有的记忆能够保存终生,而更多的记忆则被遗忘了,那么什么是遗忘呢?所谓遗忘是指不能回忆或不能再认记忆的信息,或者错误的回忆与错误的再认记忆的信息。那么,记忆的信息为什么会遗忘呢?为了揭示遗忘的本质与机理,作者在拙作《破解大脑之谜——精神分子论》一书中还提出了“遗忘的本质假说”:
遗忘的本质是记忆蛋白分子结构的改变或丧失,导致其分子结构中存储的信息也随之改变或丧失。[8]
记忆的物质基础是“记忆蛋白”,而“记忆蛋白”是有寿命的,如果得不到及时的更新与加固,那它就会分解、破坏;“记忆蛋白”分解、破坏了,它原来的分子结构不复存在了,那分子结构中所存储的信息也自然就消失了,如果记忆的信息都不存在了,那记忆还怎么能够保存呢?此外,当“记忆蛋白”受到酸碱、酒精以及某些药物的作用时,它也有可能发生变性,其分子结构也有可能发生改变或丧失,而分子结构的改变或丧失就会形成遗忘。例如长期酗酒的人常常会发生严重的记忆障碍,其原因极可能就是因为酒精所造成的“记忆蛋白”的变性。
记忆涉及的问题还有许多,由于篇幅所限,这里无法一一探讨,有兴趣的朋友可以参阅拙作《破解大脑之谜——精神分子论》,其中有更为详尽的论述。记忆之谜是最难破解的科学之谜之一,作者不揣浅陋,冒昧提出自己的一点浅薄之见,希望得到专家、学者和朋友们的批评与教正。
2012-8-26于郑州
注释:
[1][8] 陈定学:《破解大脑之谜——精神分子论》,群言出版社2005年版,第175、196页。
[2] 王文清:《宇宙·地球·生命——化学家眼里的生命》,湖南教育出版社1999年版,第141页。
[3] [日]牧野贤治:《解开生命的密码——向生命和自然之谜挑战》,北京出版社1982年版,第61页。

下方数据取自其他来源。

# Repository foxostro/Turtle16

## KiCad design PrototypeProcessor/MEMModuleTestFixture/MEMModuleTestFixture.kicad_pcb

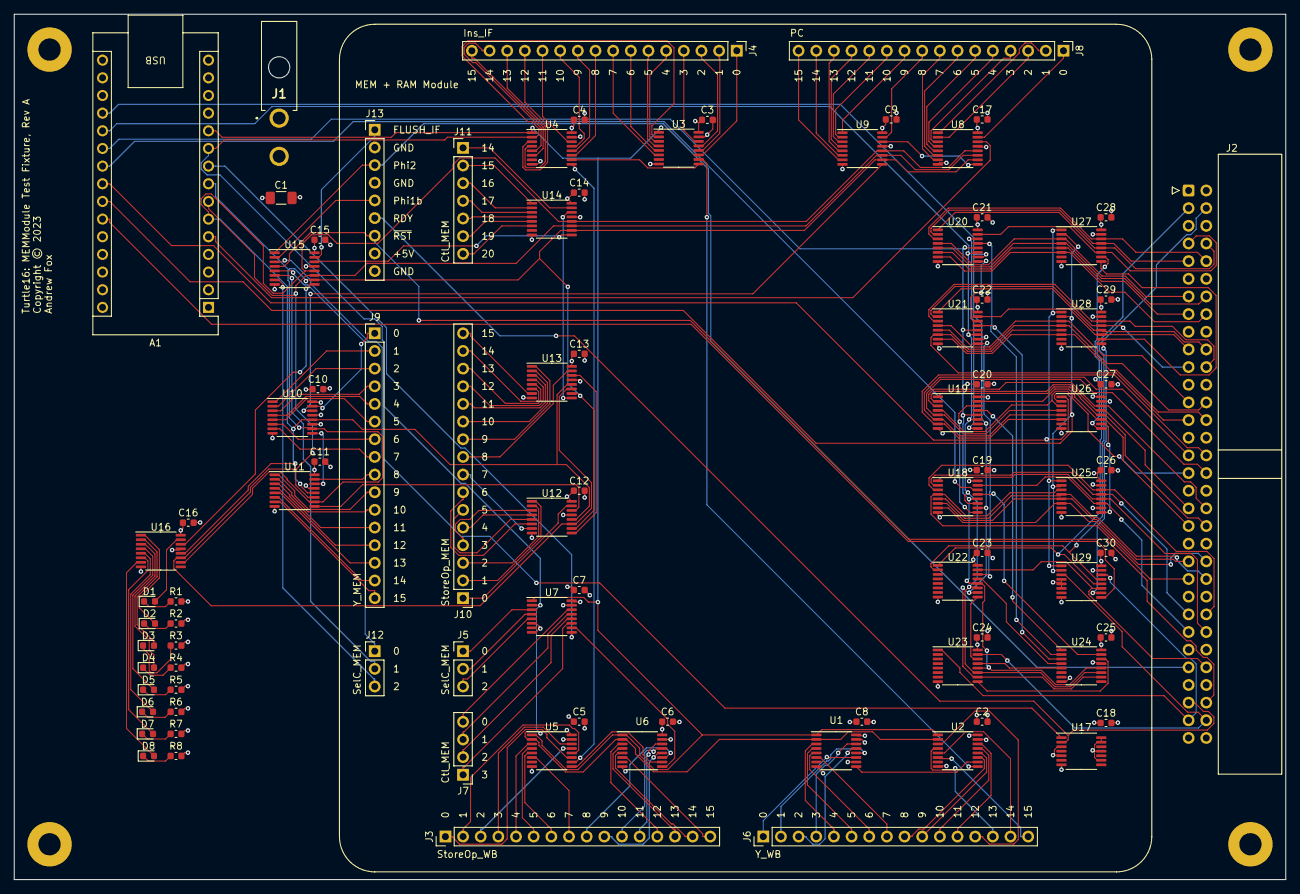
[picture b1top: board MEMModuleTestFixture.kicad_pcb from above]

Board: 4 copper layers, 182.9 x 124.5 mm, 93 parts (0 on the bottom side), 218 nets.

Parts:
A1: Arduino_Nano_Every; Arduino_Nano
C1: 100µF; C_1206_3216Metric_Pad1.33x1.80mm_HandSolder
C2, C3, C4, C5, C6, C7, C8, C9, C10, C11, C12, C13, C14, C15, C16, C17, C18, C19, C20, C21, C22, C23, C24, C25, C26, C27, C28, C29, C30: 0.1µF; C_0603_1608Metric
D1, D2, D3, D4, D5, D6, D7, D8: Red; LED_0603_1608Metric
H1, H2, H3, H4: MountingHole_Pad; MountingHole_3.2mm_M3_Pad
J1: Power; 172448-0002
J2: 71922-164LF; IDC-Header_2x32_P2.54mm_Horizontal
J3: StoreOp_WB; PinHeader_1x16_P2.54mm_Vertical
J4: Ins_IF; PinHeader_1x16_P2.54mm_Vertical
J5, J12: SelC_MEM; PinHeader_1x03_P2.54mm_Vertical
J6: Y_WB; PinHeader_1x16_P2.54mm_Vertical
J7: Ctl_MEM; PinHeader_1x04_P2.54mm_Vertical
J8: PC; PinHeader_1x16_P2.54mm_Vertical
J9: Y_MEM; PinHeader_1x16_P2.54mm_Vertical
J10: StoreOp_MEM; PinHeader_1x16_P2.54mm_Vertical
J11: Ctl_MEM; PinHeader_1x07_P2.54mm_Vertical
J13: Control Signals; PinHeader_1x09_P2.54mm_Vertical
R1, R2, R3, R4, R5, R6, R7, R8: 270R; C_0603_1608Metric
U1, U2, U3, U4, U5, U6, U7, U25, U26, U27, U28, U29: 74HC165; TSSOP-16_4.4x5mm_P0.65mm
U8, U9, U10, U11, U12, U13, U14, U15, U16, U18, U19, U20, U21, U22, U23, U24: 74HC595; TSSOP-16_4.4x5mm_P0.65mm
U17: 74HCT05; TSSOP-14_4.4x5mm_P0.65mm

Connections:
/Ctl_MEM14: J11.1, U14.15 (QA)
/Ctl_MEM15: J11.2, U14.1 (QB)
/Ctl_MEM16: J11.3, U14.2 (QC)
/Ctl_MEM17: J11.4, U14.3 (QD)
/Ctl_MEM18: J11.5, U14.4 (QE)
/Ctl_MEM19: J11.6, U14.5 (QF)
/Ctl_MEM20: J11.7, U14.6 (QG)
/Ctl_WB17: J7.1, U7.11 (D0)
/Ctl_WB18: J7.2, U7.12 (D1)
/Ctl_WB19: J7.3, U7.13 (D2)
/Ctl_WB20: J7.4, U7.14 (D3)
/Ins_IF0: J4.1, U3.11 (D0)
/Ins_IF1: J4.2, U3.12 (D1)
/Ins_IF2: J4.3, U3.13 (D2)
/Ins_IF3: J4.4, U3.14 (D3)
/Ins_IF4: J4.5, U3.3 (D4)
/Ins_IF5: J4.6, U3.4 (D5)
/Ins_IF6: J4.7, U3.5 (D6)
/Ins_IF7: J4.8, U3.6 (D7)
/Ins_IF8: J4.9, U4.11 (D0)
/Ins_IF9: J4.10, U4.12 (D1)
/Ins_IF10: J4.11, U4.13 (D2)
/Ins_IF11: J4.12, U4.14 (D3)
/Ins_IF12: J4.13, U4.3 (D4)
/Ins_IF13: J4.14, U4.4 (D5)
/Ins_IF14: J4.15, U4.5 (D6)
/Ins_IF15: J4.16, U4.6 (D7)
/MEM Prototype Inputs/FLUSH_IF: J13.1, U15.15 (QA)
/MEM Prototype Inputs/PC0: J8.1, U8.15 (QA)
/MEM Prototype Inputs/PC1: J8.2, U8.1 (QB)
/MEM Prototype Inputs/PC2: J8.3, U8.2 (QC)
/MEM Prototype Inputs/PC3: J8.4, U8.3 (QD)
/MEM Prototype Inputs/PC4: J8.5, U8.4 (QE)
/MEM Prototype Inputs/PC5: J8.6, U8.5 (QF)
/MEM Prototype Inputs/PC6: J8.7, U8.6 (QG)
/MEM Prototype Inputs/PC7: J8.8, U8.7 (QH)
/MEM Prototype Inputs/PC8: J8.9, U9.15 (QA)
/MEM Prototype Inputs/PC9: J8.10, U9.1 (QB)
/MEM Prototype Inputs/PC10: J8.11, U9.2 (QC)
/MEM Prototype Inputs/PC11: J8.12, U9.3 (QD)
/MEM Prototype Inputs/PC12: J8.13, U9.4 (QE)
/MEM Prototype Inputs/PC13: J8.14, U9.5 (QF)
/MEM Prototype Inputs/PC14: J8.15, U9.6 (QG)
/MEM Prototype Inputs/PC15: J8.16, U9.7 (QH)
/MEM Prototype Inputs/Phi1b: J13.5, U15.2 (QC)
/MEM Prototype Inputs/Phi2: J2.55, J13.3, U15.1 (QB)
/MEM Prototype Inputs/RDY: J2.59, J13.6, U17.2
/MEM Prototype Inputs/~RST_sync: J2.60, J13.7, U15.4 (QE)
/SelC_MEM0: J12.1, U15.5 (QF)
/SelC_MEM1: J12.2, U15.6 (QG)
/SelC_MEM2: J12.3, U15.7 (QH)
/SelC_WB0: J5.1, U7.3 (D4)
/SelC_WB1: J5.2, U7.4 (D5)
/SelC_WB2: J5.3, U7.5 (D6)
/StoreOp_MEM0: J10.1, U12.15 (QA)
/StoreOp_MEM1: J10.2, U12.1 (QB)
/StoreOp_MEM2: J10.3, U12.2 (QC)
/StoreOp_MEM3: J10.4, U12.3 (QD)
/StoreOp_MEM4: J10.5, U12.4 (QE)
/StoreOp_MEM5: J10.6, U12.5 (QF)
/StoreOp_MEM6: J10.7, U12.6 (QG)
/StoreOp_MEM7: J10.8, U12.7 (QH)
/StoreOp_MEM8: J10.9, U13.15 (QA)
/StoreOp_MEM9: J10.10, U13.1 (QB)
/StoreOp_MEM10: J10.11, U13.2 (QC)
/StoreOp_MEM11: J10.12, U13.3 (QD)
/StoreOp_MEM12: J10.13, U13.4 (QE)
/StoreOp_MEM13: J10.14, U13.5 (QF)
/StoreOp_MEM14: J10.15, U13.6 (QG)
/StoreOp_MEM15: J10.16, U13.7 (QH)
/StoreOp_WB0: J3.1, U5.11 (D0)
/StoreOp_WB1: J3.2, U5.12 (D1)
/StoreOp_WB2: J3.3, U5.13 (D2)
/StoreOp_WB3: J3.4, U5.14 (D3)
/StoreOp_WB4: J3.5, U5.3 (D4)
/StoreOp_WB5: J3.6, U5.4 (D5)
/StoreOp_WB6: J3.7, U5.5 (D6)
/StoreOp_WB7: J3.8, U5.6 (D7)
/StoreOp_WB8: J3.9, U6.11 (D0)
/StoreOp_WB9: J3.10, U6.12 (D1)
/StoreOp_WB10: J3.11, U6.13 (D2)
/StoreOp_WB11: J3.12, U6.14 (D3)
/StoreOp_WB12: J3.13, U6.3 (D4)
/StoreOp_WB13: J3.14, U6.4 (D5)
/StoreOp_WB14: J3.15, U6.5 (D6)
/StoreOp_WB15: J3.16, U6.6 (D7)
/System Bus Connector/Addr0: J2.7, U20.15 (QA), U27.11 (D0)
/System Bus Connector/Addr1: J2.8, U20.1 (QB), U27.12 (D1)
/System Bus Connector/Addr2: J2.9, U20.2 (QC), U27.13 (D2)
/System Bus Connector/Addr3: J2.10, U20.3 (QD), U27.14 (D3)
/System Bus Connector/Addr4: J2.13, U20.4 (QE), U27.3 (D4)
/System Bus Connector/Addr5: J2.14, U20.5 (QF), U27.4 (D5)
/System Bus Connector/Addr6: J2.15, U20.6 (QG), U27.5 (D6)
/System Bus Connector/Addr7: J2.16, U20.7 (QH), U27.6 (D7)
/System Bus Connector/Addr8: J2.19, U21.15 (QA), U28.11 (D0)
/System Bus Connector/Addr9: J2.20, U21.1 (QB), U28.12 (D1)
/System Bus Connector/Addr10: J2.21, U21.2 (QC), U28.13 (D2)
/System Bus Connector/Addr11: J2.22, U21.3 (QD), U28.14 (D3)
/System Bus Connector/Addr12: J2.25, U21.4 (QE), U28.3 (D4)
/System Bus Connector/Addr13: J2.26, U21.5 (QF), U28.4 (D5)
/System Bus Connector/Addr14: J2.27, U21.6 (QG), U28.5 (D6)
/System Bus Connector/Addr15: J2.28, U21.7 (QH), U28.6 (D7)
/System Bus Connector/Bank0: J2.56, U22.15 (QA), U29.11 (D0)
/System Bus Connector/Bank1: J2.3, U22.1 (QB), U29.12 (D1)
/System Bus Connector/Bank2: J2.4, U22.2 (QC), U29.13 (D2)
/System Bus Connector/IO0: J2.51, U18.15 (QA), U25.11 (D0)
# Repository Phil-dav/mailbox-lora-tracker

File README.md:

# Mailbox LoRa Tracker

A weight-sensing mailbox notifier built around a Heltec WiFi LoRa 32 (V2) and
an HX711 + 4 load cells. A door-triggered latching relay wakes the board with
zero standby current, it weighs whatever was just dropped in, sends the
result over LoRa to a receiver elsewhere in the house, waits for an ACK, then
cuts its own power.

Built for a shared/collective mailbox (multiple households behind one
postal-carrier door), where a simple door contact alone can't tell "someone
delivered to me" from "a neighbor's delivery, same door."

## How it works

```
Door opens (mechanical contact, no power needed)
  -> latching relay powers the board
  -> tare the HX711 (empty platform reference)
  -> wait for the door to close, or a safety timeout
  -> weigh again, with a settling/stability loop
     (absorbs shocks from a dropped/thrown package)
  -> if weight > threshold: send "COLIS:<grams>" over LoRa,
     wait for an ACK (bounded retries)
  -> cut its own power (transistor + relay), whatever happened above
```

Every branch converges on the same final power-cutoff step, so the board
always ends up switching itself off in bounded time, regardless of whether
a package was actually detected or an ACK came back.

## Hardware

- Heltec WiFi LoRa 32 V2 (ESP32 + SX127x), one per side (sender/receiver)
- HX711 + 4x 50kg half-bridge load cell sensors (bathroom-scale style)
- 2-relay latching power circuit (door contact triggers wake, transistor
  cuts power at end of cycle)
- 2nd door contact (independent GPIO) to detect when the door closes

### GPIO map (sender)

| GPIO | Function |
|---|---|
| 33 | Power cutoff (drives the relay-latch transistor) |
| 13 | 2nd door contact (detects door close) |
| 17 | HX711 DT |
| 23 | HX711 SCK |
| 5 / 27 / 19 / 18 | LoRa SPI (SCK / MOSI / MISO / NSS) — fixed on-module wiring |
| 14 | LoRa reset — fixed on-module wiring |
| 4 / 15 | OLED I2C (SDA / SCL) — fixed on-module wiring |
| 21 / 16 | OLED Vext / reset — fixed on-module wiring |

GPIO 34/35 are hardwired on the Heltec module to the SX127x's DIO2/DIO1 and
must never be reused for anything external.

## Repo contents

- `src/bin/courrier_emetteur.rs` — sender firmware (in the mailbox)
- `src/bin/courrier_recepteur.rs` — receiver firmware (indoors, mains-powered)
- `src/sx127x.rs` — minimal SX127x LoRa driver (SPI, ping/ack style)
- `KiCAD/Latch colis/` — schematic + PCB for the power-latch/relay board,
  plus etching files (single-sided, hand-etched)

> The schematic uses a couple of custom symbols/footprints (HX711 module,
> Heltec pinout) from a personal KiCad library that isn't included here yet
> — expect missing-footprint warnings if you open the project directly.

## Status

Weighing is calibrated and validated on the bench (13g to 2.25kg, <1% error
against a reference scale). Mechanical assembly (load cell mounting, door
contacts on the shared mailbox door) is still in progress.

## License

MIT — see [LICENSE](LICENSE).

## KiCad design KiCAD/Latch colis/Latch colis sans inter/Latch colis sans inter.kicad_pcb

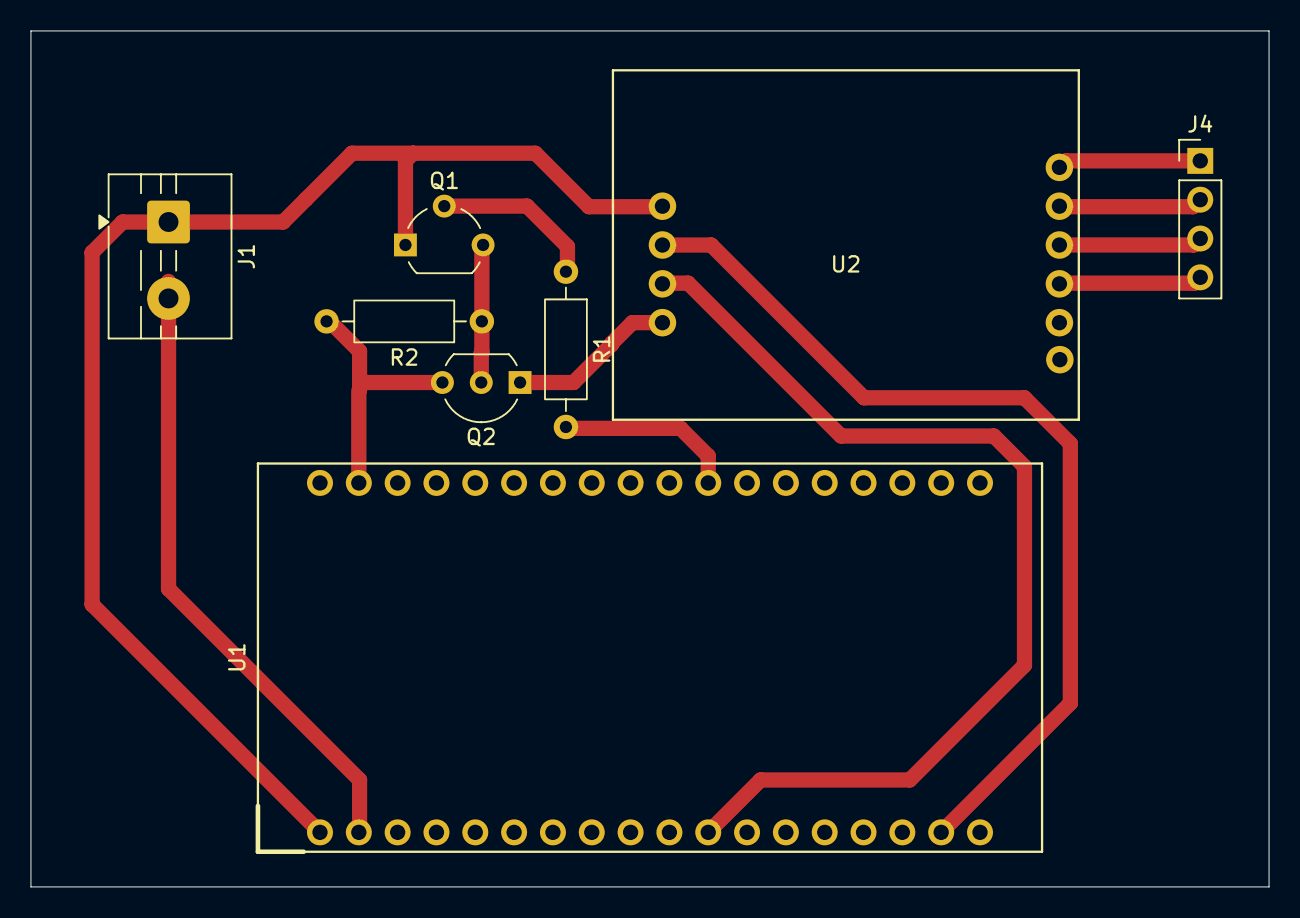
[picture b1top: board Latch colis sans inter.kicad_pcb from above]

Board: 2 copper layers, 81.0 x 56.0 mm, 8 parts (0 on the bottom side), 13 nets.

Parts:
J1: KF301-2P
J4: Jauges; PinHeader_1x04_P2.54mm_Vertical
Q1: 2N2222A; TO-92_Wide
Q2: BS250; TO-92_Inline_Wide
R1, R2: 1k; R_Axial_DIN0207_L6.3mm_D2.5mm_P10.16mm_Horizontal
U1: Heltec_LoRa32_V2_RST_side; MODULE_ESP32_LORA_V2.0
U2: Module HX711; HX711_Module

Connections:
/+3.3V HX711: Q2.3 (S), R2.2, U1.20 (3V3)
/+5V: J1.2, U1.2 (5V)
/DT: U1.17, U2.8 (DT)
/SCK: U1.11 (23), U2.9 (SCK)
GND: J1.1, Q1.1, U1.1 (GND), U2.7 (GND)
unnamed: J4.1, U2.1 (E+)
unnamed: J4.2, U2.2 (E-)
unnamed: J4.3, U2.3 (A+)
unnamed: J4.4, U2.4 (A-)
unnamed: Q1.2, R1.1
unnamed: Q2.1 (D), U2.10 (VCC)
unnamed: Q1.3, Q2.2 (G), R2.1
unnamed: R1.2, U1.29 (33)

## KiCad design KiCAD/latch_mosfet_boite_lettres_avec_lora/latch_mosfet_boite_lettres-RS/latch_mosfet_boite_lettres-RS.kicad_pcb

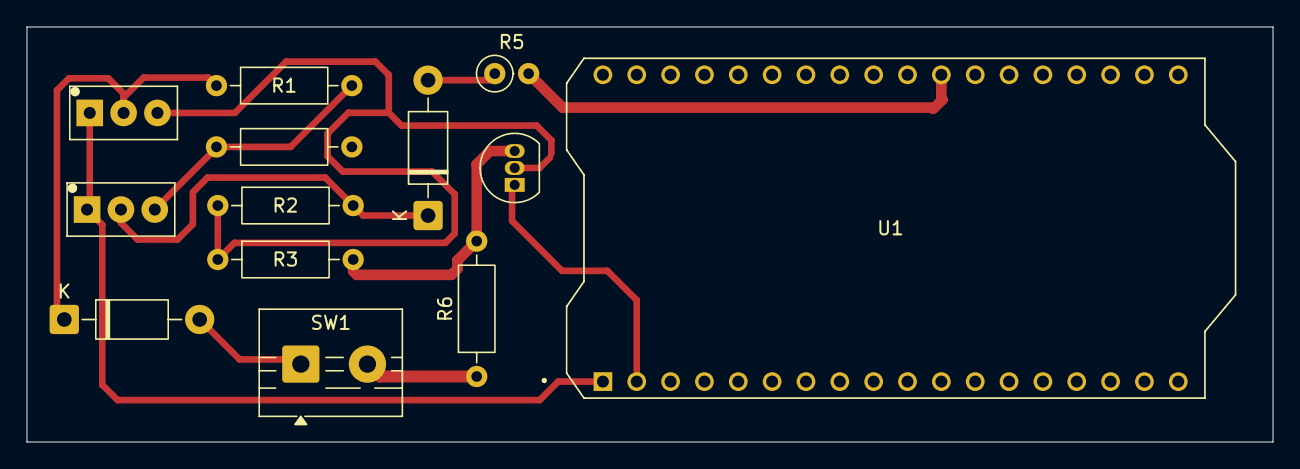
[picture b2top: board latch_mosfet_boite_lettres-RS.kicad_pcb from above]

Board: 2 copper layers, 93.5 x 31.1 mm, 13 parts (0 on the bottom side), 11 nets.

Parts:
D1, D2: 1N4002; D_DO-41_SOD81_P10.16mm_Horizontal
Q1, Q2: 2N2222A; TO-92_Inline_Wide_5.08mm
Q4: ZVP2106A; TO-92_Inline
R1, R2, R3, R4, R6: R; R_Axial_DIN0207_L6.3mm_D2.5mm_P10.16mm_Horizontal
R5: R; R_Axial_DIN0207_L6.3mm_D2.5mm_P2.54mm_Vertical
SW1: SW_Push; TerminalBlock_MaiXu_MX126-5.0-02P_1x02_P5.00mm
U1: Heltec_LoRa32_V2_RST_side; MODULE_ESP32_LORA_V2.0

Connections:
+5V: Q4.3 (S), R3.2, R4.2, R6.2
GND: Q1.1, Q2.1, U1.1 (GND)
unnamed: D1.2 (A), SW1.1
unnamed: D1.1 (K), Q1.2, R1.1
unnamed: D2.2 (A), R5.1
unnamed: D2.1 (K), Q2.2, R2.2
unnamed: Q2.3, R1.2, R4.1
unnamed: Q4.1 (D), U1.2 (5V)
unnamed: Q1.3, Q4.2 (G), R2.1, R3.1
unnamed: R6.1, SW1.2
unnamed: R5.2, U1.29 (33)

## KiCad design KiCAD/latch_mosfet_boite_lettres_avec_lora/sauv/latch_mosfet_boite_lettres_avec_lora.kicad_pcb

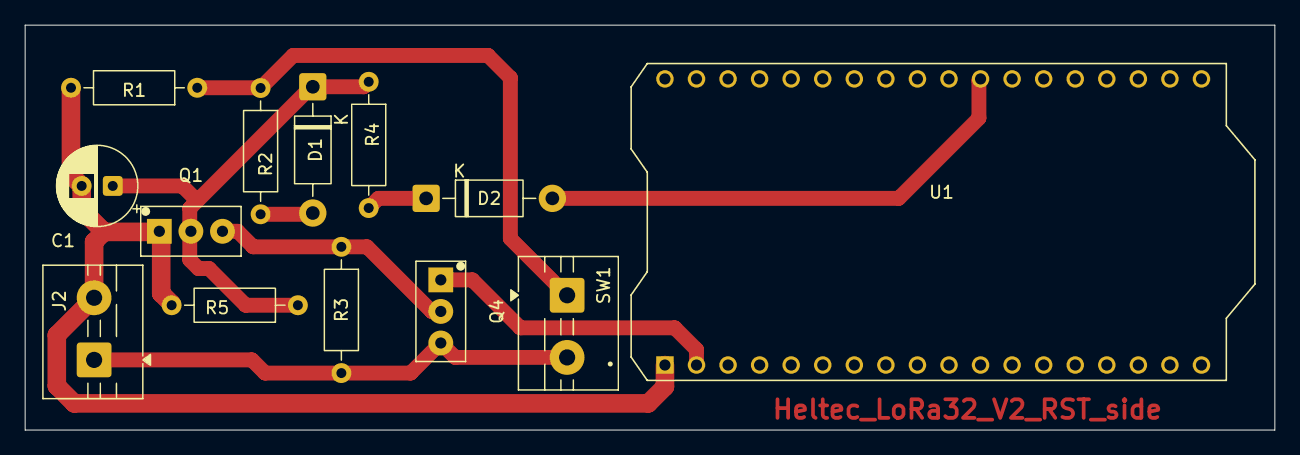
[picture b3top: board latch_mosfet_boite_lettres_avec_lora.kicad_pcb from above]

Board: 2 copper layers, 100.6 x 32.6 mm, 13 parts (0 on the bottom side), 9 nets.

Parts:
C1: 220µF; CP_Radial_D6.3mm_P2.50mm
D1, D2: 1N4002; D_DO-41_SOD81_P10.16mm_Horizontal
J2: Alim; TerminalBlock_MaiXu_MX126-5.0-02P_1x02_P5.00mm
Q1: 2N2222A; TO-92_Inline_Wide_5.08mm
Q4: ZVP2106A; TO-92_Inline_Wide_5.08mm
R1, R3: 220k; R_Axial_DIN0207_L6.3mm_D2.5mm_P10.16mm_Horizontal
R2: 1.5k; R_Axial_DIN0207_L6.3mm_D2.5mm_P10.16mm_Horizontal
R4: 820; R_Axial_DIN0207_L6.3mm_D2.5mm_P10.16mm_Horizontal
R5: 100k; R_Axial_DIN0207_L6.3mm_D2.5mm_P10.16mm_Horizontal
SW1: SW_Push; TerminalBlock_MaiXu_MX126-5.0-02P_1x02_P5.00mm
U1: U1; MODULE_ESP32_LORA_V2.0

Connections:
+5V: J2.1, Q4.3 (S), R3.2, SW1.2
/PWR_OFF (GPIO 33): D2.2 (A), U1.29 (33)
/Vin (Lora): Q4.1 (D), U1.2 (5V)
GND: C1.2, J2.2, Q1.1, R1.2, R5.2, U1.1 (GND)
unnamed: D1.2 (A), R2.2
unnamed: C1.1, D1.1 (K), Q1.2, R4.1, R5.1
unnamed: D2.1 (K), R4.2
unnamed: Q1.3, Q4.2 (G), R3.1
unnamed: R1.1, R2.1, SW1.1

[4] 韩济生:《神经科学原理》第2版,北京医科大学出版社1999版,第921页。
[5] 张镜如:《生理学》第4版,人民卫生出版社1998版,第361页。
[6] 陈宜张主编:《大脑黑匣揭秘》,北京教育出版社、北京少年儿童出版社,2002年版,第119~120页。
[7] [英]弗朗西斯·克里克:《惊人的假说——灵魂的科学探索》,湖南科学技术出版社1999年版,第98页。